# Boot Camp : installation de Windows 10 impossible



## Fabrice3310 (20 Août 2021)

Bonsoir,

J'ai essayé d'installer Windows 10 avec Boot Camp. Voici en pièce jointe l'erreur :





Si quelqu'un a une idée, merci !


----------



## mokuchley (21 Août 2021)

taper " bootcamp " dans le champ de recherche ( petite loupiote ) pourrait vous donner des idées
locke apporte des solutions dans les posts epinglés du sujet " windows sur mac "


----------



## Locke (21 Août 2021)

Fabrice3310 a dit:


> Si quelqu'un a une idée, merci !


Non, pas sans connaître le modèle exact de ton Mac ! Que dis /A propos de ce Mac ? Une copie écran de la fenêtre serait la bienvenue.
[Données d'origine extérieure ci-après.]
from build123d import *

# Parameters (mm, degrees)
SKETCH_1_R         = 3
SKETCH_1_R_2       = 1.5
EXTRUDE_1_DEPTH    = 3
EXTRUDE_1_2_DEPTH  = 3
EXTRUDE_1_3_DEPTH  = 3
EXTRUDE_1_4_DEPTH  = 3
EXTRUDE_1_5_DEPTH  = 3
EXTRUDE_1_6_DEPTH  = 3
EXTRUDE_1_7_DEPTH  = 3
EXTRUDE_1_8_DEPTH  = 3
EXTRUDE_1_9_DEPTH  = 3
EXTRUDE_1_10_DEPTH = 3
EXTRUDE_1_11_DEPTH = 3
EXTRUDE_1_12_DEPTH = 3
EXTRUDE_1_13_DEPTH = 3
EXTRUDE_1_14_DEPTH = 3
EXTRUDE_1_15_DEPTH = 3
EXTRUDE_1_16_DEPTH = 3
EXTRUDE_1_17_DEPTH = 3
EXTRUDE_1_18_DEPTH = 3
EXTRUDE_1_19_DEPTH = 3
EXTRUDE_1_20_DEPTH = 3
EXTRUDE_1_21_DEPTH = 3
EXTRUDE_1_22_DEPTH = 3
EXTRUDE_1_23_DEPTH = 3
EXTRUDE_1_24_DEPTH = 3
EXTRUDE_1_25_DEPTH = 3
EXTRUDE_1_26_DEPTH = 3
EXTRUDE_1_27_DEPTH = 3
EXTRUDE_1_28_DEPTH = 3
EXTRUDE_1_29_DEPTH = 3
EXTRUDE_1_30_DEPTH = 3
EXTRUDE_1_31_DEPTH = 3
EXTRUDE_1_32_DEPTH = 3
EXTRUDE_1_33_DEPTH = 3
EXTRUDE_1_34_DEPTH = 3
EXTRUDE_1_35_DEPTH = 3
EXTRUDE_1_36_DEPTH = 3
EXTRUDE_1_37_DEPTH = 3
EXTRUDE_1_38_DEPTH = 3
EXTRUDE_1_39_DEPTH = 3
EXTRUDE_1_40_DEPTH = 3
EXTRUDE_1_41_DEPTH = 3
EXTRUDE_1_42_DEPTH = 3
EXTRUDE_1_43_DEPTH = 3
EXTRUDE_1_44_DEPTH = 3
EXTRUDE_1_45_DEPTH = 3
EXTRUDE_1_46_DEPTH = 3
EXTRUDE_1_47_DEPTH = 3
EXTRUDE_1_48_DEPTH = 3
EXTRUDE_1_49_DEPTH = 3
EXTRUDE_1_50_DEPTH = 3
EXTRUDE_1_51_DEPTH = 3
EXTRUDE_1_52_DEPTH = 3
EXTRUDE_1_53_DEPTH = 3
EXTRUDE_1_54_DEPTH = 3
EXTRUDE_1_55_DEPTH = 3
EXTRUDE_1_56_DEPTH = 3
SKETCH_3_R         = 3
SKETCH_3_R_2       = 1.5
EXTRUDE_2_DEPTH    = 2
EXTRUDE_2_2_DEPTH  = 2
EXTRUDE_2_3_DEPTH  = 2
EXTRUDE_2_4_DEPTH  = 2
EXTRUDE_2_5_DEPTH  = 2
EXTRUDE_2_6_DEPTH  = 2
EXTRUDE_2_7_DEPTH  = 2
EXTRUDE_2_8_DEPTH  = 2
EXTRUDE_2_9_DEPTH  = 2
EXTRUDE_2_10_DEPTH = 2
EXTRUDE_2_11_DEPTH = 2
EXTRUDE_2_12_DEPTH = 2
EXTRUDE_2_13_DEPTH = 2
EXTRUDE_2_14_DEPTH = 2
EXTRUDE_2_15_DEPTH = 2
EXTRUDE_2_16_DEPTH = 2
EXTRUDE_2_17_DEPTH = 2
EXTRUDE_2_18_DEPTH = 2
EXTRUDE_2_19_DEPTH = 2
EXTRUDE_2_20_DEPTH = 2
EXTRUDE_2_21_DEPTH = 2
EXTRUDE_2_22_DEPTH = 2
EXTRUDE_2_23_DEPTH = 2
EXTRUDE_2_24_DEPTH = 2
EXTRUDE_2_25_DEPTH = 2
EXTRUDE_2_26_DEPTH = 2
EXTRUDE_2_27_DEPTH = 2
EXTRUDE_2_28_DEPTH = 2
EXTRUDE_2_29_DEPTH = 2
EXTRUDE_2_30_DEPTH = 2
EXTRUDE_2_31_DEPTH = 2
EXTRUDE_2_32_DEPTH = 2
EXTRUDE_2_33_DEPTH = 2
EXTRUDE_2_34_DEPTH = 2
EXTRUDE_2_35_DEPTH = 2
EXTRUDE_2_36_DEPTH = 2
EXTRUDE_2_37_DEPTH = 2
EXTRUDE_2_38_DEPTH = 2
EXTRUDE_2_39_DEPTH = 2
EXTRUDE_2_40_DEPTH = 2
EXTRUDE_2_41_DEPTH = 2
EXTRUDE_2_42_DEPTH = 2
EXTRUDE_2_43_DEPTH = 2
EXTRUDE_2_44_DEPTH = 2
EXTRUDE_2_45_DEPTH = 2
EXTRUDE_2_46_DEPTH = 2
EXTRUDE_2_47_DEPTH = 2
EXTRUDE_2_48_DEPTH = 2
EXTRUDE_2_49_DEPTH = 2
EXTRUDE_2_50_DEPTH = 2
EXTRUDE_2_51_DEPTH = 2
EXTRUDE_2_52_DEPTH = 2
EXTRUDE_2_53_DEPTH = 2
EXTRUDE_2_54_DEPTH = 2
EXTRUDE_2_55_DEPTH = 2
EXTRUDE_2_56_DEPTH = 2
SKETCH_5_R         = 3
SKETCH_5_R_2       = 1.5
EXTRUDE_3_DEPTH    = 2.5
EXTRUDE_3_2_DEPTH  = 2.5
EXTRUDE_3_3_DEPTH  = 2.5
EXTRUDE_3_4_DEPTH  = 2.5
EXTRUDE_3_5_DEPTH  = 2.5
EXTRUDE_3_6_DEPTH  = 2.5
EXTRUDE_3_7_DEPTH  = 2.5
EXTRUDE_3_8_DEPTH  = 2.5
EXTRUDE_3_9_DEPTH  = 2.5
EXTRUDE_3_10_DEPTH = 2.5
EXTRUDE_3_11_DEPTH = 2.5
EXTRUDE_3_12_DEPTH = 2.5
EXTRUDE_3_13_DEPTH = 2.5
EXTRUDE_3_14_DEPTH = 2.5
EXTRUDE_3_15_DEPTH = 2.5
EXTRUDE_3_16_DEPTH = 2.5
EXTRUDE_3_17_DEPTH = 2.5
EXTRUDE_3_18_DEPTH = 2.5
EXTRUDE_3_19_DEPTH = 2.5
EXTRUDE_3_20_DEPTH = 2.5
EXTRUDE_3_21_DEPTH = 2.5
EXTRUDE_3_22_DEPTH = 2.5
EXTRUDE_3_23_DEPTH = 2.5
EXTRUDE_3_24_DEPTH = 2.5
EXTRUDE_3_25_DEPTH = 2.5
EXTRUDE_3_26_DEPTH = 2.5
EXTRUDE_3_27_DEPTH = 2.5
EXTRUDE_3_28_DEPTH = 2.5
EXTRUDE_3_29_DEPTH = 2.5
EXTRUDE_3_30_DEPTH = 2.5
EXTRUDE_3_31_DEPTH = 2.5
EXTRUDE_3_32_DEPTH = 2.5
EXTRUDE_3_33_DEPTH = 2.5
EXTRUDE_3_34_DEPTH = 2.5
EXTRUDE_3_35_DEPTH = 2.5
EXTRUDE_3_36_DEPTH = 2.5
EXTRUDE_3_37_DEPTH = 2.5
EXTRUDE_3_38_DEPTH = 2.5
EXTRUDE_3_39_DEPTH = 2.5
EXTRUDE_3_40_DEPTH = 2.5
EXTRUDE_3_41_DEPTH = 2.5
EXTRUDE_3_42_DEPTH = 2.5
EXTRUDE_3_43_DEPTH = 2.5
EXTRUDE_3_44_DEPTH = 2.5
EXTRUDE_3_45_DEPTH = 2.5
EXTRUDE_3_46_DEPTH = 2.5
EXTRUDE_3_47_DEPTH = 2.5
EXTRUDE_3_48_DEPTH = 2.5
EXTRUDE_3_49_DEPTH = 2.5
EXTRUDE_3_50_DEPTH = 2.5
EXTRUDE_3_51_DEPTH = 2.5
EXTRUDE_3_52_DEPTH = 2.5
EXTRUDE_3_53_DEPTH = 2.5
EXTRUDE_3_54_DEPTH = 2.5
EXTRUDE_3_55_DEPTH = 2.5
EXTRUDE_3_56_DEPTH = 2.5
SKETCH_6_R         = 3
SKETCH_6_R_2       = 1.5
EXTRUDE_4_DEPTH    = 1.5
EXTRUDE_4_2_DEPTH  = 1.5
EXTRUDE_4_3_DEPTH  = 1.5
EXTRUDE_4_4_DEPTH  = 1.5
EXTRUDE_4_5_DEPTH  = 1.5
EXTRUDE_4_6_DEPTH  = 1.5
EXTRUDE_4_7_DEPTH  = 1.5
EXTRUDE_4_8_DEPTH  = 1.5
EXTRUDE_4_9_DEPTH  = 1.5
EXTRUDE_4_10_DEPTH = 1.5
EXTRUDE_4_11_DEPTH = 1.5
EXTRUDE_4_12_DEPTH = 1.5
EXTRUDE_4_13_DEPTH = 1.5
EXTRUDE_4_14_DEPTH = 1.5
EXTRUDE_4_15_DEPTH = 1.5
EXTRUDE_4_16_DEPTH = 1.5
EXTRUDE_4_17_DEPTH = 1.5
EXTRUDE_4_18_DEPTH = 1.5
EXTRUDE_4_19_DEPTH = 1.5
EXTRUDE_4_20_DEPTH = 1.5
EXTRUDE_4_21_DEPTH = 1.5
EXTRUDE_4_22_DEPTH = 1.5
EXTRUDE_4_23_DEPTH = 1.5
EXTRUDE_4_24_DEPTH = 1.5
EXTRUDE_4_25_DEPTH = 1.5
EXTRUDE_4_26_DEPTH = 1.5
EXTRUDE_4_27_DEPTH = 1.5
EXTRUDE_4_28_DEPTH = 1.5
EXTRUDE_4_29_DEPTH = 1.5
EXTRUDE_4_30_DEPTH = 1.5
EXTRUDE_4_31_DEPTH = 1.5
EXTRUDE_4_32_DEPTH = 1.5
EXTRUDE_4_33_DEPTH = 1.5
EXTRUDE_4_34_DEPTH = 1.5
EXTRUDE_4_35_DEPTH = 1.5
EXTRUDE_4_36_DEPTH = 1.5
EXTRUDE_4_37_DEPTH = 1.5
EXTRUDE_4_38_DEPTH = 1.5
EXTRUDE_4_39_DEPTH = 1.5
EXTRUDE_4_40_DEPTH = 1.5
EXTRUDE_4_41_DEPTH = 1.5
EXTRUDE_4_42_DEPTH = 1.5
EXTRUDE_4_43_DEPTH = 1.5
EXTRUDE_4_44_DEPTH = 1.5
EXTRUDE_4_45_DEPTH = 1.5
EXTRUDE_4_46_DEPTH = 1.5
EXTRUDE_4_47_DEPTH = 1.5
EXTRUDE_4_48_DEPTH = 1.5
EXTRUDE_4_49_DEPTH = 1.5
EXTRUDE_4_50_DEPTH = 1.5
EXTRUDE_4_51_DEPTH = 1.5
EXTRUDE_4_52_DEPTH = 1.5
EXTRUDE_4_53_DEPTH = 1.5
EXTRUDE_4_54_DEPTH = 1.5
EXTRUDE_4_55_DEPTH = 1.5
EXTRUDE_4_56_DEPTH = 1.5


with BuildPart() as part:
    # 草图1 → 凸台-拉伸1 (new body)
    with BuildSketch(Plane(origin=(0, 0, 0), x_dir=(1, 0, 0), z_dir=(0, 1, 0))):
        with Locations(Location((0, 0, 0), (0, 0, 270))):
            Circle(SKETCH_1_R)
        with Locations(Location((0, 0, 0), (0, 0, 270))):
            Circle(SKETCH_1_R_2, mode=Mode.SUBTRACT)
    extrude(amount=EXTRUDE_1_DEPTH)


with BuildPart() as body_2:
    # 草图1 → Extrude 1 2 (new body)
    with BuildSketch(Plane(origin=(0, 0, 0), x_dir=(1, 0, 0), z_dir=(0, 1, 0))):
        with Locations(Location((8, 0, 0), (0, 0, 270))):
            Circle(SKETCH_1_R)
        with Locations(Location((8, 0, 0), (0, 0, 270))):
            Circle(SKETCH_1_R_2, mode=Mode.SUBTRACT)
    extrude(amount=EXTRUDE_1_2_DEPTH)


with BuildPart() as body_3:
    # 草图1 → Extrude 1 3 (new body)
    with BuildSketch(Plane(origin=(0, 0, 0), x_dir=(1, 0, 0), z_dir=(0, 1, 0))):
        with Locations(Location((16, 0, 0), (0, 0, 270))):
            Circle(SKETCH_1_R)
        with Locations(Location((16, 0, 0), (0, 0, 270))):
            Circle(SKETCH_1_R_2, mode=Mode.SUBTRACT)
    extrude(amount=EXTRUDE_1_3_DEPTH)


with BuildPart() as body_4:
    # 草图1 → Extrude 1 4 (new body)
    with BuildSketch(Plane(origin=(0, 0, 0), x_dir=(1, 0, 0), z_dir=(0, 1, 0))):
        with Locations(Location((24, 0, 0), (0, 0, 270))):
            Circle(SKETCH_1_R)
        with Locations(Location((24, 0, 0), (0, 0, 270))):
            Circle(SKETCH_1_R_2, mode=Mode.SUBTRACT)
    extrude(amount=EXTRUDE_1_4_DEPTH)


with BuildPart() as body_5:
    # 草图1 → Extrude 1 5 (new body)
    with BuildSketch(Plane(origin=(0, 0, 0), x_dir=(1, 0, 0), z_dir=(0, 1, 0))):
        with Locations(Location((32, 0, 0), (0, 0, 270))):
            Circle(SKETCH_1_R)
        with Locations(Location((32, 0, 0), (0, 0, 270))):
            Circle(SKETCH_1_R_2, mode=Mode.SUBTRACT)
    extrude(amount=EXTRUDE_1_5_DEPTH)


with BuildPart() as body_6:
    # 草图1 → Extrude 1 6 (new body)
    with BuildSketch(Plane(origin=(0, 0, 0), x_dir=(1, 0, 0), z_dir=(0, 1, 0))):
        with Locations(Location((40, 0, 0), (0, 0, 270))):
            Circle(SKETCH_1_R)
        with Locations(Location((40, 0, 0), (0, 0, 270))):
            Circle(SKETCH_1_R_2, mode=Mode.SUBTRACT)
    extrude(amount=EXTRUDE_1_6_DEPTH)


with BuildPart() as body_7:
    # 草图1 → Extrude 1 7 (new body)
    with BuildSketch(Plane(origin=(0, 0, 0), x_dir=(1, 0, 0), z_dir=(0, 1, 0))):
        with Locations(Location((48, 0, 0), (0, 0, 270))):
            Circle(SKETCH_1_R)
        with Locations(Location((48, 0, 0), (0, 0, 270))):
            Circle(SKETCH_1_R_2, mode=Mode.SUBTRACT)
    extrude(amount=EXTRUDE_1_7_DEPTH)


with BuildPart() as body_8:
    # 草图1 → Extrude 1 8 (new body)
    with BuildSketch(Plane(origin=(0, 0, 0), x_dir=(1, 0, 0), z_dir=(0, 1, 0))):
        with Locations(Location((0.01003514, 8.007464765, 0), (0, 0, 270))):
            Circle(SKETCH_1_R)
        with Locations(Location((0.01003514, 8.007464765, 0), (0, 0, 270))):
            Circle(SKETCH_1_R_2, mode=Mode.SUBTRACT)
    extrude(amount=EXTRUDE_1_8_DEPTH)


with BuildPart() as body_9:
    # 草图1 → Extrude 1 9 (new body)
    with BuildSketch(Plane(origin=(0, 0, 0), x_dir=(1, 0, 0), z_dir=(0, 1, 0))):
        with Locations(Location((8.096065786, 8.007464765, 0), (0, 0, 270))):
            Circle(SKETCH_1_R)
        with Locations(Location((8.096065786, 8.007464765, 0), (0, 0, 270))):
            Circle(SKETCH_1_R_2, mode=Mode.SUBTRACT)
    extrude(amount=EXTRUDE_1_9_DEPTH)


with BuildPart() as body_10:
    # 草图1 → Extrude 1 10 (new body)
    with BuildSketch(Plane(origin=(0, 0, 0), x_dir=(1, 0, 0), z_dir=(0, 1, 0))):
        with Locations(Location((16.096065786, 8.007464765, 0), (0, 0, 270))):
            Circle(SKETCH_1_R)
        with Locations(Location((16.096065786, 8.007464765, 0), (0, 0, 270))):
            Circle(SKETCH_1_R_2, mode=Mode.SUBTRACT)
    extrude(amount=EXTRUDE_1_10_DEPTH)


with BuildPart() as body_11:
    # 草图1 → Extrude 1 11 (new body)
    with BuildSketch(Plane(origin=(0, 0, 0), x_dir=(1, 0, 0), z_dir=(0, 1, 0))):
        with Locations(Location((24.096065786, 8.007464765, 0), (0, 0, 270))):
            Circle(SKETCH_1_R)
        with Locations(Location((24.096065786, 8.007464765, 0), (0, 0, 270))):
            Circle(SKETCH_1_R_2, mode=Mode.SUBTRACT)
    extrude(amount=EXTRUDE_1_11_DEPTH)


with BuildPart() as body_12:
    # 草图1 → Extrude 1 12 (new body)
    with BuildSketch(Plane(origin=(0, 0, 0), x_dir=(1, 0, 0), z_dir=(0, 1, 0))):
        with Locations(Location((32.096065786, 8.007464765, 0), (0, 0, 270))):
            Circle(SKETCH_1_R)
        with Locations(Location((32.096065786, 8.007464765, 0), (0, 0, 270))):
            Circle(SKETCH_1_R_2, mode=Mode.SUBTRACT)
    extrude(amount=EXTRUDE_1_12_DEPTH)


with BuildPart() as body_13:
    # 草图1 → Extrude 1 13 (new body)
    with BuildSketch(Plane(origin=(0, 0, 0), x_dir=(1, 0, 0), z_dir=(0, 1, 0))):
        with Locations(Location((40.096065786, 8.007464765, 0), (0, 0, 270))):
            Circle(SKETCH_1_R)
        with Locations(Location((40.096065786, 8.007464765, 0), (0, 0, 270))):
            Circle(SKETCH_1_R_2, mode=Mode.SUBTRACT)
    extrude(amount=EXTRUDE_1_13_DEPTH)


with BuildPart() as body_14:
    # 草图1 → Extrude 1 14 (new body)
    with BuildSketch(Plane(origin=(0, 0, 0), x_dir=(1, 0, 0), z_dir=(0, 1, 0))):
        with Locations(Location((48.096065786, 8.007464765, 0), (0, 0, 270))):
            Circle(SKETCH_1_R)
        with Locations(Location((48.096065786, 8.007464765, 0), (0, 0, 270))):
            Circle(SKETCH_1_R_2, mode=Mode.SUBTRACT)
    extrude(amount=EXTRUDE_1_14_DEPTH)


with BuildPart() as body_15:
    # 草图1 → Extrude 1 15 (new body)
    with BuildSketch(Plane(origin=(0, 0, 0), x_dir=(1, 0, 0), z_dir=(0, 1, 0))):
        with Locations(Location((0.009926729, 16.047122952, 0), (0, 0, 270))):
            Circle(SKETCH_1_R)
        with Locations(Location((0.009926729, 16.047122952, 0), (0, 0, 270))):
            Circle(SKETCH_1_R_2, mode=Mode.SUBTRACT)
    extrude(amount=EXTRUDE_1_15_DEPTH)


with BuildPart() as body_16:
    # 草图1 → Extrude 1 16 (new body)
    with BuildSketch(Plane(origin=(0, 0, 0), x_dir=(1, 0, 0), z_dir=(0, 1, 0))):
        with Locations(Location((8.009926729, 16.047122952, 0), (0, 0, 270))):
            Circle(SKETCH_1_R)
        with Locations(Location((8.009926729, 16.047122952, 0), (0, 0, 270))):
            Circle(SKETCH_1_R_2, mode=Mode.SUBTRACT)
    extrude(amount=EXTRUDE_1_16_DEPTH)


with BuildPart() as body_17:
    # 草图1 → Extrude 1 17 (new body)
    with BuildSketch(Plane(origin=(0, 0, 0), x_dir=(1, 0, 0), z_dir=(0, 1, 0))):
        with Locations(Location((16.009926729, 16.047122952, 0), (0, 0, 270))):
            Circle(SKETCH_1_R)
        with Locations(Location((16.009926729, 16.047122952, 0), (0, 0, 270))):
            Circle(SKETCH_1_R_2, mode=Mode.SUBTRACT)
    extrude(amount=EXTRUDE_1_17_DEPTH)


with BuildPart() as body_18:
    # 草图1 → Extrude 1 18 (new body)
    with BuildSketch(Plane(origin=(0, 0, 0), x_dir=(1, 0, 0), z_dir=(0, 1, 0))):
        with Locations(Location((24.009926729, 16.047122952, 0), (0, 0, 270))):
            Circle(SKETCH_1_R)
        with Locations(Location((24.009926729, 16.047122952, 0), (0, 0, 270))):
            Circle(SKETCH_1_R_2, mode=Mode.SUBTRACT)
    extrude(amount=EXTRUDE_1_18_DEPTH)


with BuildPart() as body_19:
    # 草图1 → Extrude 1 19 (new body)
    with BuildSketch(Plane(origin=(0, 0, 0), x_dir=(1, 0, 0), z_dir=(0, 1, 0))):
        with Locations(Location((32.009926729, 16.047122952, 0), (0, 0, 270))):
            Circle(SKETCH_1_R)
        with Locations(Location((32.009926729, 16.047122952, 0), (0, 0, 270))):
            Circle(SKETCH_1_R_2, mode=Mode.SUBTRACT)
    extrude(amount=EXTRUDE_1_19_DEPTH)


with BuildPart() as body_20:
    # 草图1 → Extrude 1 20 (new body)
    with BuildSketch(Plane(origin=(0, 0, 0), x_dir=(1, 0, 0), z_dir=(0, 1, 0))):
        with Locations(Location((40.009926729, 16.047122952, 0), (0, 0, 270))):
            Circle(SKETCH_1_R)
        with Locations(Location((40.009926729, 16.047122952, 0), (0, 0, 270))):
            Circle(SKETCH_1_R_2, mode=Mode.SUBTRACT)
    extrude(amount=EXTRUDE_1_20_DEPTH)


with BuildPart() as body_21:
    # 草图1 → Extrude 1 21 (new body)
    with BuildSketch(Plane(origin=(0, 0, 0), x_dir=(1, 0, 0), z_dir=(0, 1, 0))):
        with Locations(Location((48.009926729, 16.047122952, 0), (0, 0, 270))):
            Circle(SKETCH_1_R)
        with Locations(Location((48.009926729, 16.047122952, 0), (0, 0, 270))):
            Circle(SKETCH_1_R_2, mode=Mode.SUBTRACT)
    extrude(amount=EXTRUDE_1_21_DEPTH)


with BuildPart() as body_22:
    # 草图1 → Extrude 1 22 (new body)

Si Assistant Boot Camp mentionne explicitement l'utilisation d'un fichier .iso, tu as fait le téléchargement ici... https://www.microsoft.com/fr-fr/software-download/windows10ISO ...avec impérativement la version en 64 bits ?

Quelle taille de partition, as-tu assez de place ? Maintenant Apple recommande avec les Mac récents un espace minimal de 64 Go, voire de 128 Go... https://support.apple.com/fr-fr/HT201468


----------